According to a May 1, 2017 presentation to the Board of Governors of the California ISO, the eclipse is projected to reduce solar output in the CAISO region by 4,194 megawatts, while gross load will increase by 1,365 MW.  Taking into account estimated wind production, the presentation projects a net load increase of 6,008 MW during the eclipse.

The ramp rate, or speed at which supply and demand will change, is also a factor.  The eclipse is projected to diminish solar output by about 70 MW per minute as it approaches totality, and about 90 MW per minute on the return.  By contrast, a typical average ramp rate for CAISO might be 29 MW per minute.  Thus the eclipse is projected to call for a greater degree of fast-ramping or flexible resources, compared to typical operating conditions.

But according to international electric reliability organization NERC, the August 21, 2017 total solar eclipse "is unlikely to cause any reliability issues to the North American bulk power system."  NERC documented its findings in an April 25, 2017 white paper, A Wide-Area Perspective on the August 21, 2017 Total Solar Eclipse.  NERC's report identifies California and North Carolina as the states most likely to experience the greatest impact from solar production fall-off from the eclipse.

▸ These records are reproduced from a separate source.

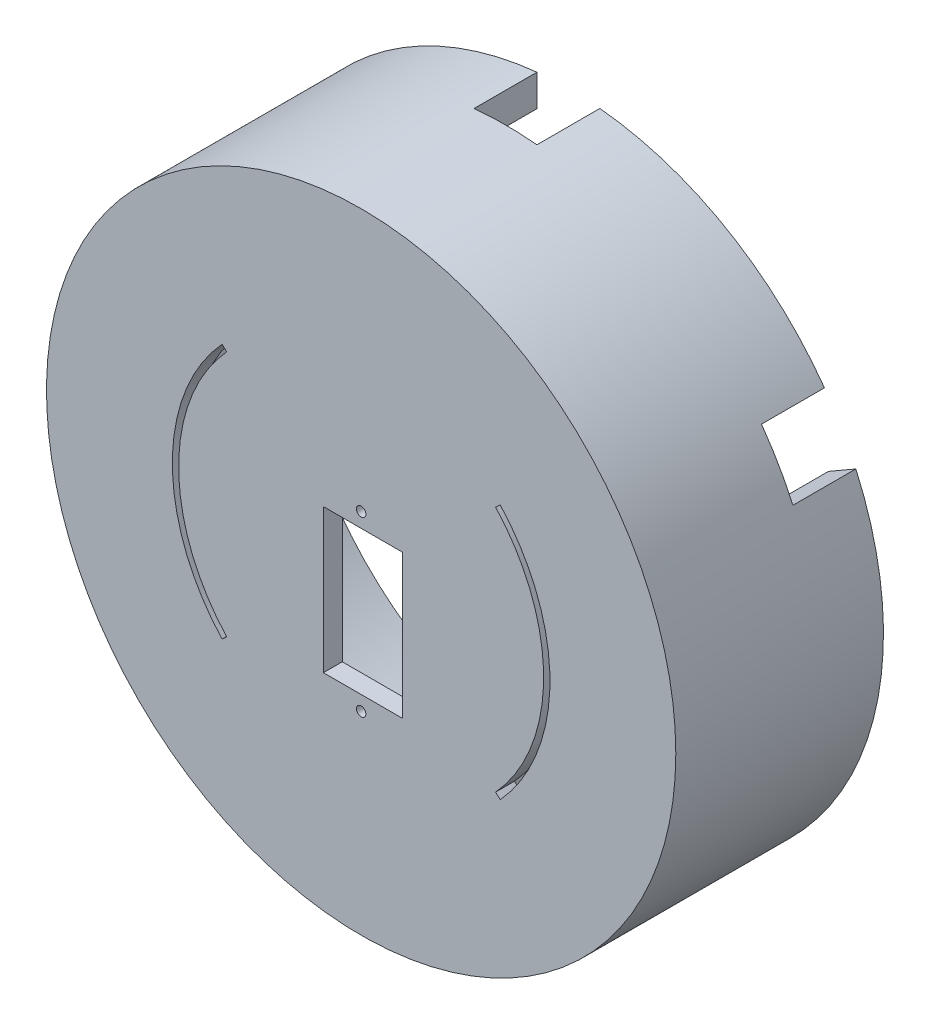
ISO-10303-21;
HEADER;
FILE_DESCRIPTION(('STEP AP214'),'2;1');
FILE_NAME('part.step','',(''),(''),'','','');
FILE_SCHEMA(('AUTOMOTIVE_DESIGN { 1 0 10303 214 1 1 1 1 }'));
ENDSEC;
DATA;
#1=APPLICATION_CONTEXT('core data for automotive mechanical design processes');
#2=APPLICATION_PROTOCOL_DEFINITION('international standard','automotive_design',2000,#1);
#3=PRODUCT_CONTEXT('',#1,'mechanical');
#4=PRODUCT('Part','Part','',(#3));
#5=PRODUCT_RELATED_PRODUCT_CATEGORY('part','',(#4));
#6=PRODUCT_DEFINITION_FORMATION('','',#4);
#7=PRODUCT_DEFINITION_CONTEXT('part definition',#1,'design');
#8=PRODUCT_DEFINITION('design','',#6,#7);
#9=PRODUCT_DEFINITION_SHAPE('','',#8);
#10=(LENGTH_UNIT() NAMED_UNIT(*) SI_UNIT(.MILLI.,.METRE.));
#11=(NAMED_UNIT(*) PLANE_ANGLE_UNIT() SI_UNIT($,.RADIAN.));
#12=(NAMED_UNIT(*) SI_UNIT($,.STERADIAN.) SOLID_ANGLE_UNIT());
#13=UNCERTAINTY_MEASURE_WITH_UNIT(LENGTH_MEASURE(1.E-05),#10,'distance_accuracy_value','');
#14=(GEOMETRIC_REPRESENTATION_CONTEXT(3) GLOBAL_UNCERTAINTY_ASSIGNED_CONTEXT((#13)) GLOBAL_UNIT_ASSIGNED_CONTEXT((#10,
#11,#12)) REPRESENTATION_CONTEXT('',''));
#15=CARTESIAN_POINT('',(0.,0.,0.));
#16=DIRECTION('',(0.,0.,1.));
#17=DIRECTION('',(1.,0.,0.));
#18=AXIS2_PLACEMENT_3D('',#15,#16,#17);
#19=CARTESIAN_POINT('',(0.299999999999826,16.8600000000008,0.));
#20=DIRECTION('',(0.,0.,1.));
#21=DIRECTION('',(1.,0.,0.));
#22=AXIS2_PLACEMENT_3D('',#19,#20,#21);
#23=PLANE('',#22);
#24=DIRECTION('',(-0.736746247058359,-0.676169333410962,0.));
#25=VECTOR('',#24,1.);
#26=CARTESIAN_POINT('',(0.300000000005249,16.8599999999949,0.));
#27=LINE('',#26,#25);
#28=CARTESIAN_POINT('',(22.4023874117628,37.1450800023299,0.));
#29=VERTEX_POINT('',#28);
#30=CARTESIAN_POINT('',(21.6656411647044,36.4689106689189,0.));
#31=VERTEX_POINT('',#30);
#32=EDGE_CURVE('E287',#29,#31,#27,.T.);
#33=ORIENTED_EDGE('',*,*,#32,.T.);
#34=CARTESIAN_POINT('',(0.300000000011957,16.860000000001,0.));
#35=DIRECTION('',(0.,0.,1.));
#36=DIRECTION('',(1.,0.,0.));
#37=AXIS2_PLACEMENT_3D('',#34,#35,#36);
#38=CIRCLE('',#37,29.0000000000001);
#39=CARTESIAN_POINT('',(21.6656411647044,-2.74891066891696,0.));
#40=VERTEX_POINT('',#39);
#41=EDGE_CURVE('E293',#31,#40,#38,.F.);
#42=ORIENTED_EDGE('',*,*,#41,.T.);
#43=DIRECTION('',(0.736746247058382,-0.676169333410936,0.));
#44=VECTOR('',#43,1.);
#45=CARTESIAN_POINT('',(0.300000000004796,16.8600000000062,0.));
#46=LINE('',#45,#44);
#47=CARTESIAN_POINT('',(22.4023874117628,-3.4250800023279,0.));
#48=VERTEX_POINT('',#47);
#49=EDGE_CURVE('E281',#40,#48,#46,.T.);
#50=ORIENTED_EDGE('',*,*,#49,.T.);
#51=CARTESIAN_POINT('',(0.300000000011957,16.860000000001,0.));
#52=DIRECTION('',(0.,0.,1.));
#53=DIRECTION('',(1.,0.,0.));
#54=AXIS2_PLACEMENT_3D('',#51,#52,#53);
#55=CIRCLE('',#54,30.0000000000001);
#56=EDGE_CURVE('E230',#48,#29,#55,.T.);
#57=ORIENTED_EDGE('',*,*,#56,.T.);
#58=EDGE_LOOP('',(#33,#42,#50,#57));
#59=FACE_BOUND('',#58,.T.);
#60=DIRECTION('',(0.736746247058359,0.676169333410962,0.));
#61=VECTOR('',#60,1.);
#62=CARTESIAN_POINT('',(0.300000000005277,16.8599999999948,0.));
#63=LINE('',#62,#61);
#64=CARTESIAN_POINT('',(-21.8023874117388,-3.42508000232792,0.));
#65=VERTEX_POINT('',#64);
#66=CARTESIAN_POINT('',(-21.0656411646805,-2.74891066891696,0.));
#67=VERTEX_POINT('',#66);
#68=EDGE_CURVE('E280',#65,#67,#63,.T.);
#69=ORIENTED_EDGE('',*,*,#68,.T.);
#70=CARTESIAN_POINT('',(0.300000000011957,16.860000000001,0.));
#71=DIRECTION('',(0.,0.,1.));
#72=DIRECTION('',(1.,0.,0.));
#73=AXIS2_PLACEMENT_3D('',#70,#71,#72);
#74=CIRCLE('',#73,29.0000000000001);
#75=CARTESIAN_POINT('',(-21.0656411646805,36.4689106689189,0.));
#76=VERTEX_POINT('',#75);
#77=EDGE_CURVE('E284',#67,#76,#74,.F.);
#78=ORIENTED_EDGE('',*,*,#77,.T.);
#79=DIRECTION('',(-0.736746247058359,0.676169333410962,0.));
#80=VECTOR('',#79,1.);
#81=CARTESIAN_POINT('',(0.300000000005497,16.8600000000069,0.));
#82=LINE('',#81,#80);
#83=CARTESIAN_POINT('',(-21.8023874117388,37.1450800023299,0.));
#84=VERTEX_POINT('',#83);
#85=EDGE_CURVE('E254',#76,#84,#82,.T.);
#86=ORIENTED_EDGE('',*,*,#85,.T.);
#87=CARTESIAN_POINT('',(0.300000000011957,16.860000000001,0.));
#88=DIRECTION('',(0.,0.,1.));
#89=DIRECTION('',(1.,0.,0.));
#90=AXIS2_PLACEMENT_3D('',#87,#88,#89);
#91=CIRCLE('',#90,30.0000000000001);
#92=EDGE_CURVE('E278',#84,#65,#91,.T.);
#93=ORIENTED_EDGE('',*,*,#92,.T.);
#94=EDGE_LOOP('',(#69,#78,#86,#93));
#95=FACE_BOUND('',#94,.T.);
#96=CARTESIAN_POINT('',(0.299999999999826,16.8600000000008,0.));
#97=DIRECTION('',(0.,0.,-1.));
#98=DIRECTION('',(-1.,0.,0.));
#99=AXIS2_PLACEMENT_3D('',#96,#97,#98);
#100=CIRCLE('',#99,45.);
#101=CARTESIAN_POINT('',(-44.7000000000002,16.8600000000008,0.));
#102=VERTEX_POINT('',#101);
#103=EDGE_CURVE('E407',#102,#102,#100,.T.);
#104=ORIENTED_EDGE('',*,*,#103,.T.);
#105=EDGE_LOOP('',(#104));
#106=FACE_BOUND('',#105,.T.);
#107=DIRECTION('',(0.,1.,0.));
#108=VECTOR('',#107,1.);
#109=CARTESIAN_POINT('',(-5.70000000000014,2.22044604925031E-13,0.));
#110=LINE('',#109,#108);
#111=CARTESIAN_POINT('',(-5.70000000000014,2.22044604925031E-13,0.));
#112=VERTEX_POINT('',#111);
#113=CARTESIAN_POINT('',(-5.70000000000014,22.8600000000002,0.));
#114=VERTEX_POINT('',#113);
#115=EDGE_CURVE('E296',#112,#114,#110,.T.);
#116=ORIENTED_EDGE('',*,*,#115,.F.);
#117=DIRECTION('',(-1.,0.,0.));
#118=VECTOR('',#117,1.);
#119=CARTESIAN_POINT('',(-5.70000000000014,2.22044604925031E-13,0.));
#120=LINE('',#119,#118);
#121=CARTESIAN_POINT('',(6.89999999999968,2.18575157973078E-13,0.));
#122=VERTEX_POINT('',#121);
#123=EDGE_CURVE('E311',#122,#112,#120,.T.);
#124=ORIENTED_EDGE('',*,*,#123,.F.);
#125=DIRECTION('',(0.,-1.,0.));
#126=VECTOR('',#125,1.);
#127=CARTESIAN_POINT('',(6.89999999999968,2.18575157973078E-13,0.));
#128=LINE('',#127,#126);
#129=CARTESIAN_POINT('',(6.89999999999968,22.8600000000002,0.));
#130=VERTEX_POINT('',#129);
#131=EDGE_CURVE('E328',#130,#122,#128,.T.);
#132=ORIENTED_EDGE('',*,*,#131,.F.);
#133=DIRECTION('',(1.,0.,0.));
#134=VECTOR('',#133,1.);
#135=CARTESIAN_POINT('',(-5.70000000000014,22.8600000000002,0.));
#136=LINE('',#135,#134);
#137=EDGE_CURVE('E322',#114,#130,#136,.T.);
#138=ORIENTED_EDGE('',*,*,#137,.F.);
#139=EDGE_LOOP('',(#116,#124,#132,#138));
#140=FACE_BOUND('',#139,.T.);
#141=CARTESIAN_POINT('',(0.299999999999826,-2.32,0.));
#142=DIRECTION('',(0.,0.,-1.));
#143=DIRECTION('',(-1.,0.,0.));
#144=AXIS2_PLACEMENT_3D('',#141,#142,#143);
#145=CIRCLE('',#144,0.75);
#146=CARTESIAN_POINT('',(-0.450000000000174,-2.32,0.));
#147=VERTEX_POINT('',#146);
#148=EDGE_CURVE('E294',#147,#147,#145,.T.);
#149=ORIENTED_EDGE('',*,*,#148,.F.);
#150=EDGE_LOOP('',(#149));
#151=FACE_BOUND('',#150,.T.);
#152=CARTESIAN_POINT('',(0.299999999999826,25.18,0.));
#153=DIRECTION('',(0.,0.,-1.));
#154=DIRECTION('',(-1.,0.,0.));
#155=AXIS2_PLACEMENT_3D('',#152,#153,#154);
#156=CIRCLE('',#155,0.75);
#157=CARTESIAN_POINT('',(-0.450000000000174,25.18,0.));
#158=VERTEX_POINT('',#157);
#159=EDGE_CURVE('E305',#158,#158,#156,.T.);
#160=ORIENTED_EDGE('',*,*,#159,.F.);
#161=EDGE_LOOP('',(#160));
#162=FACE_BOUND('',#161,.T.);
#163=ADVANCED_FACE('F39',(#59,#95,#106,#140,#151,#162),#23,.F.);
#164=CARTESIAN_POINT('',(0.299999999999826,16.8600000000008,-30.));
#165=DIRECTION('',(0.,0.,-1.));
#166=DIRECTION('',(-1.,0.,0.));
#167=AXIS2_PLACEMENT_3D('',#164,#165,#166);
#168=PLANE('',#167);
#169=DIRECTION('',(0.,1.,0.));
#170=VECTOR('',#169,1.);
#171=CARTESIAN_POINT('',(-4.76515575525249,-37.5201500632272,-30.));
#172=LINE('',#171,#170);
#173=CARTESIAN_POINT('',(-4.76515575525249,-32.8827803522778,-30.));
#174=VERTEX_POINT('',#173);
#175=CARTESIAN_POINT('',(-4.76515575525249,-27.8540268503628,-30.));
#176=VERTEX_POINT('',#175);
#177=EDGE_CURVE('E348',#174,#176,#172,.T.);
#178=ORIENTED_EDGE('',*,*,#177,.F.);
#179=CARTESIAN_POINT('',(0.299999999999826,16.8600000000008,-30.));
#180=DIRECTION('',(0.,0.,-1.));
#181=DIRECTION('',(-1.,0.,0.));
#182=AXIS2_PLACEMENT_3D('',#179,#180,#181);
#183=CIRCLE('',#182,50.);
#184=CARTESIAN_POINT('',(-45.2572757332887,37.464238101933,-30.));
#185=VERTEX_POINT('',#184);
#186=EDGE_CURVE('E418',#174,#185,#183,.T.);
#187=ORIENTED_EDGE('',*,*,#186,.T.);
#188=DIRECTION('',(-0.866025403784439,0.5,0.));
#189=VECTOR('',#188,1.);
#190=CARTESIAN_POINT('',(-49.2620135387394,39.7763745519439,-30.));
#191=LINE('',#190,#189);
#192=CARTESIAN_POINT('',(-40.9035226515969,34.9505975882331,-30.));
#193=VERTEX_POINT('',#192);
#194=EDGE_CURVE('E362',#193,#185,#191,.T.);
#195=ORIENTED_EDGE('',*,*,#194,.F.);
#196=CARTESIAN_POINT('',(0.299999999999826,16.8600000000008,-30.));
#197=DIRECTION('',(0.,0.,-1.));
#198=DIRECTION('',(-1.,0.,0.));
#199=AXIS2_PLACEMENT_3D('',#196,#197,#198);
#200=CIRCLE('',#199,45.);
#201=EDGE_CURVE('E410',#176,#193,#200,.T.);
#202=ORIENTED_EDGE('',*,*,#201,.F.);
#203=EDGE_LOOP('',(#178,#187,#195,#202));
#204=FACE_BOUND('',#203,.T.);
#205=ADVANCED_FACE('F517',(#204),#168,.T.);
#206=DIRECTION('',(0.866025403784439,0.5,0.));
#207=VECTOR('',#206,1.);
#208=CARTESIAN_POINT('',(44.9271692939914,48.3237755112857,-30.));
#209=LINE('',#208,#207);
#210=CARTESIAN_POINT('',(36.5686784068489,43.4979985475749,-30.));
#211=VERTEX_POINT('',#210);
#212=CARTESIAN_POINT('',(40.9224314885407,46.0116390612749,-30.));
#213=VERTEX_POINT('',#212);
#214=EDGE_CURVE('E347',#211,#213,#209,.T.);
#215=ORIENTED_EDGE('',*,*,#214,.F.);
#216=CARTESIAN_POINT('',(5.23484424474753,61.5885961358072,-30.));
#217=VERTEX_POINT('',#216);
#218=EDGE_CURVE('E467',#217,#211,#200,.T.);
#219=ORIENTED_EDGE('',*,*,#218,.F.);
#220=DIRECTION('',(0.,-1.,0.));
#221=VECTOR('',#220,1.);
#222=CARTESIAN_POINT('',(5.23484424474753,56.0497664051937,-30.));
#223=LINE('',#222,#221);
#224=CARTESIAN_POINT('',(5.23484424474753,66.6158771632071,-30.));
#225=VERTEX_POINT('',#224);
#226=EDGE_CURVE('E360',#225,#217,#223,.T.);
#227=ORIENTED_EDGE('',*,*,#226,.F.);
#228=EDGE_CURVE('E497',#225,#213,#183,.T.);
#229=ORIENTED_EDGE('',*,*,#228,.T.);
#230=EDGE_LOOP('',(#215,#219,#227,#229));
#231=FACE_BOUND('',#230,.T.);
#232=ADVANCED_FACE('F500',(#231),#168,.T.);
#233=DIRECTION('',(0.,1.,0.));
#234=VECTOR('',#233,1.);
#235=CARTESIAN_POINT('',(-4.76515575525249,56.0497664051937,-30.));
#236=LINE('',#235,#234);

At the same time, NERC recommends "that utilities in all states perform specific studies of the eclipse’s impact of solar photovoltaic power output on their systems and retain necessary resources to meet the increased electricity demand requirements."  In particular, NERC notes that generation and system operators may greater visibility into utility-scale solar projects than into behind-the-meter or distributed solar photovoltaic resources, highlighting the need to model all scales of solar development.

Following the 2017 eclipse, the next total solar eclipse is projected to cross North America on April 8, 2024.